A Flash Fiction Story To Start Your Evening
Fiction – the art of story - Entertainment
Enjoy some good old-fashioned angry fiction
“Pissedivity”
Flash fiction by Bellakentuky
Mike Mallick sat in his chair with his feet propped up on his desk. He twirled a telephone cord angrily while listening to a computerized mutation of Led Zeppelin’s, Whole Lotta Love.
“Twenty minutes and counting,” he growled. A fly buzzed through the door from the living room, circled the air above him and landed on the windowpane to his left. He watched the insect rub its legs together in anticipation of a sticky breakfast; a closer examination revealed a glob of oatmeal streaked across the glass. This was surely his kid’s fault. He’d square that away soon enough.
“Yes! Yes. Hello, I’m here.” Mike sat up.
“Why am I calling? I’m calling because I have a problem. It says right here on the bill, if you have a technical problem call this number. I’m calling about the internet. No, I’m not calling about the TV; I’m calling about the internet.”
“Wait! Don’t transfer me…”
Mike sat back and once again forced himself to listen to this painful rendition of a rock-n-roll favorite. He restarted the mental clock and watched the fly gorge itself. “I’ll bet you never have to wait for anything, do you?” he muttered.
Eight doodles and sixteen minutes later, someone picked up his call.
“Why am I calling? I’ve got a problem! That’s why I’m calling.
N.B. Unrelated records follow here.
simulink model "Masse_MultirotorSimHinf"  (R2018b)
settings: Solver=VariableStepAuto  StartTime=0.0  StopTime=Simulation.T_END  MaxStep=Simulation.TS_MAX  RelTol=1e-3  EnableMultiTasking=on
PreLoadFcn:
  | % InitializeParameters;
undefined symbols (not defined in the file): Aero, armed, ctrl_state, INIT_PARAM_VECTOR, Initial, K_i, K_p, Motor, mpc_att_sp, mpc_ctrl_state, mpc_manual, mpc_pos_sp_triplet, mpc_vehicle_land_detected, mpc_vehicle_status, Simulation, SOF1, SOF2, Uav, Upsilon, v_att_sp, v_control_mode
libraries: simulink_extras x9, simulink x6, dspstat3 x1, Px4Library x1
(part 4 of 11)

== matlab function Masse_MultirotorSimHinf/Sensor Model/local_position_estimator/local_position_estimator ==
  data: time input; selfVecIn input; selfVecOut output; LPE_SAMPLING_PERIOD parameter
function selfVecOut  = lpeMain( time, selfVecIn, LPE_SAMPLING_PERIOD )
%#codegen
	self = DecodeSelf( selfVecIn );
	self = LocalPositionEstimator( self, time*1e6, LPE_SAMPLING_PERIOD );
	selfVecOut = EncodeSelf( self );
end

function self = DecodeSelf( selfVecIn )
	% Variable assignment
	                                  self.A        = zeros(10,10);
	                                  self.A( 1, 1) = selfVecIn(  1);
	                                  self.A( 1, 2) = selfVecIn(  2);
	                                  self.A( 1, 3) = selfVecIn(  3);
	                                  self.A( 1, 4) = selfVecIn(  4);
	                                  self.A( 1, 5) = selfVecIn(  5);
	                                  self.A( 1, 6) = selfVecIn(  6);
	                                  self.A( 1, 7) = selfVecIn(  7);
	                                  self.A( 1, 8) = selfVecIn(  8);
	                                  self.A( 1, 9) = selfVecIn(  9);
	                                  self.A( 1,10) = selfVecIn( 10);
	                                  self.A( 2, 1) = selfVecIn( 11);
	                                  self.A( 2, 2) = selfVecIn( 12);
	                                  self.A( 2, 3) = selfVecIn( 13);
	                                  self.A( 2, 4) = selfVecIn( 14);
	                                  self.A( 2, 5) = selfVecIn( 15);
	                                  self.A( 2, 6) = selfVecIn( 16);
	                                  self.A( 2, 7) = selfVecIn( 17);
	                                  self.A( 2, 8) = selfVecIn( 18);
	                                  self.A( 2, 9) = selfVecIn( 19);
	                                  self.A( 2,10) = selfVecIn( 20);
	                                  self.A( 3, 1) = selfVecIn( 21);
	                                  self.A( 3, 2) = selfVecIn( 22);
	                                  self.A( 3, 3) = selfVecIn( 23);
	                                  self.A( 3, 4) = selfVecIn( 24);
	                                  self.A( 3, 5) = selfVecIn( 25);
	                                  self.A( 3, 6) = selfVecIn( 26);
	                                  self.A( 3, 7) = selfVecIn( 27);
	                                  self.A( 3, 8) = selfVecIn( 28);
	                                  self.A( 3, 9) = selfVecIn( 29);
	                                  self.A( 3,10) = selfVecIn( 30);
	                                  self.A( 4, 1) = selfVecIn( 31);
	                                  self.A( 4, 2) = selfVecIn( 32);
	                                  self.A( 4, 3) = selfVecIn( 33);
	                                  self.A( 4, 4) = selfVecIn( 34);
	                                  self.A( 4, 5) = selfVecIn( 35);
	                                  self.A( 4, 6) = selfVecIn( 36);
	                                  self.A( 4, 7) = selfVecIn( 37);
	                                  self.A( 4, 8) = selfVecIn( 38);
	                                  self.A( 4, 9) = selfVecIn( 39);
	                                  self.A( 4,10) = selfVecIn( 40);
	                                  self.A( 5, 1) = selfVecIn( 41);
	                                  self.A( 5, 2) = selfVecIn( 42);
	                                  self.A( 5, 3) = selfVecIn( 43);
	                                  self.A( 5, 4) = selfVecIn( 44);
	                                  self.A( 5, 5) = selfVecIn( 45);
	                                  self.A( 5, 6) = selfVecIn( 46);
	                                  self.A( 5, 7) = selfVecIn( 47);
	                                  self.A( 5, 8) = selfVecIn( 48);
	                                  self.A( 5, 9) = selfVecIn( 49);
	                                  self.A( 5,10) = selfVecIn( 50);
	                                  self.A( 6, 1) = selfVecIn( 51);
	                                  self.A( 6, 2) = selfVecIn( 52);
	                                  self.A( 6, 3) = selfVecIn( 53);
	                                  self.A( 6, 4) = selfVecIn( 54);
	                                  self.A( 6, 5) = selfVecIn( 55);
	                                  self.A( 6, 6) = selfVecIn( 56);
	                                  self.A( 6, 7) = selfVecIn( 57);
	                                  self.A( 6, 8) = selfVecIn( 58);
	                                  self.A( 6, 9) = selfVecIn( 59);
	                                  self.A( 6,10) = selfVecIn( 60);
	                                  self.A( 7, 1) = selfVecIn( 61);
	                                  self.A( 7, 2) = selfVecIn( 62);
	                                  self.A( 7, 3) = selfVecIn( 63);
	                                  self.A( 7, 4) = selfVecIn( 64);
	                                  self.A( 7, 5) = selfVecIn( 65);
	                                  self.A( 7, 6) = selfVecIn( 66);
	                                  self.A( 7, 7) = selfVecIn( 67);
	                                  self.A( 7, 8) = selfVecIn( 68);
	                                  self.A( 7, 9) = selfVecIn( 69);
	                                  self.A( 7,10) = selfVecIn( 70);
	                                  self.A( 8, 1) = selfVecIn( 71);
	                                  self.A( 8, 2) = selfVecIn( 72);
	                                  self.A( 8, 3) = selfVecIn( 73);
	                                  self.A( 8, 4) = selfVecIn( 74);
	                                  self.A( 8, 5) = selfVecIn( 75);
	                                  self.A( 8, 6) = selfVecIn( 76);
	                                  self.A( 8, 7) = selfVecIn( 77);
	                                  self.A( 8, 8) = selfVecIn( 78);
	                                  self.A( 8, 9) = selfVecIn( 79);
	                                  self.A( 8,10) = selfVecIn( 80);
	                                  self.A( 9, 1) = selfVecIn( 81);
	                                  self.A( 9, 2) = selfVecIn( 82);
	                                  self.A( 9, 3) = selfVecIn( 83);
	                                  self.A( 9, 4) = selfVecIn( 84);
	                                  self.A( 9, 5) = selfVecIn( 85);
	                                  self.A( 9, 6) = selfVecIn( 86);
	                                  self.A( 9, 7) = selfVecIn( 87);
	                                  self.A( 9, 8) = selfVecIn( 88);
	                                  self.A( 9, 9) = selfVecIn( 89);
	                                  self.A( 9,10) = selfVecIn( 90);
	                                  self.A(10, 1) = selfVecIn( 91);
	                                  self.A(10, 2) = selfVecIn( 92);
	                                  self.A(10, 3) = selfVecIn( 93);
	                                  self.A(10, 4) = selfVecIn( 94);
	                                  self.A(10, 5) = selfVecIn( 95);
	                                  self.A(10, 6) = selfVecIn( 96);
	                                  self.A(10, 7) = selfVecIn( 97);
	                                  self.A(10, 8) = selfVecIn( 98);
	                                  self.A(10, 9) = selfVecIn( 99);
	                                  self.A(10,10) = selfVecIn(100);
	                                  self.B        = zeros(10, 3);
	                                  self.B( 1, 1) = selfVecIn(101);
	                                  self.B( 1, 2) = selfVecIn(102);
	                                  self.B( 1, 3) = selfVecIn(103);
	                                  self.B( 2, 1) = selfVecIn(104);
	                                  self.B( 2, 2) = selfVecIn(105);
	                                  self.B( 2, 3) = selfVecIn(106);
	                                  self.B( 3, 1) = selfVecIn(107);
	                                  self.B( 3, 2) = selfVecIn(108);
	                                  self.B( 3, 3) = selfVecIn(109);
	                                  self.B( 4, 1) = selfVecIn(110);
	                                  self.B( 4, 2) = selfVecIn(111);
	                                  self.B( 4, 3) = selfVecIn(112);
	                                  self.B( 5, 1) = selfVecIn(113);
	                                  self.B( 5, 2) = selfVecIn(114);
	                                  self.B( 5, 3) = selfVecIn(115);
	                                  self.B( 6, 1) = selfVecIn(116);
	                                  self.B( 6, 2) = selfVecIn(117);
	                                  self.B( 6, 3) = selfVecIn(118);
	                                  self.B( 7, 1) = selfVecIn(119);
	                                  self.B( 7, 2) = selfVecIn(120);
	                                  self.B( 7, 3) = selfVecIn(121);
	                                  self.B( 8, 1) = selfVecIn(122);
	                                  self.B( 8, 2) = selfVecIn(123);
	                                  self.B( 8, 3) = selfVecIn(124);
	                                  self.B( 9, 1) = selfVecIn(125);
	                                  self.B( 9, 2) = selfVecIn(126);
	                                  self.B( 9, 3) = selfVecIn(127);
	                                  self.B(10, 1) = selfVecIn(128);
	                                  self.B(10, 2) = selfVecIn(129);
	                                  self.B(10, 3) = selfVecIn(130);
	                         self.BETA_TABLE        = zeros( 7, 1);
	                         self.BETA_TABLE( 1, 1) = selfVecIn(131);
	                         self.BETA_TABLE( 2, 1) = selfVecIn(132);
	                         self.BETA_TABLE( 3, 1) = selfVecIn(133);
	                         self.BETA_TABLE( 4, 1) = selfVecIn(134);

Let me ask you a question; if you have separate numbers for TV and internet problems why don’t you just list both numbers on the bill? I know that’s not your department. But perhaps you might want to throw that into the suggestion box. It pisses your customers off; I’m pissed off!”
The fly landed on his bald spot and he swatted at it.
“My problem? My problem is the internet doesn’t work. No, it doesn’t work at all! There’s nothing… Yes, I restarted my computer. Are you- Are you chewing gum? Well I’m making it my business! Do you have any idea how annoying it is to hear you chewing gum? Yes, I do want to solve my problem. No the problem isn’t with me, it’s with you.”
Mike’s legged bobbed uncontrollably when the pesky insect landed on his desk. He slapped at it again.
“Listen Buster, I know you’re reading off a script!” He bellowed. “No! I DO have to yell! You guys don’t get it. I have to call you every other week because my internet goes out, and every time I call, I’m put on hold for at least a half an hour. Yes, I’ve restarted my modem, yes, I’ve restarted my computer, yes, I’ve restarted my modem and my computer at the same time. Hell, I even put on a white cowboy hat and danced naked in the yard praying for internet service.
Am I being sarcastic? Well you were the head of your class weren’t you? What? Don’t you dare transfer me! I need a tech out here- Today! You don’t do the scheduling. What do you do? You call this technical assistance? Any bonehead knows to restart everything. I’m being rude? You’re the one chewing gum-”
Mike lowered the handset. “That son-of-a-bitch hung up on me.” The fly zoomed by the telephone and landed on his desk. Mike looked at it and promptly squashed it. He chuckled. “Shit flows downhill don’t it.”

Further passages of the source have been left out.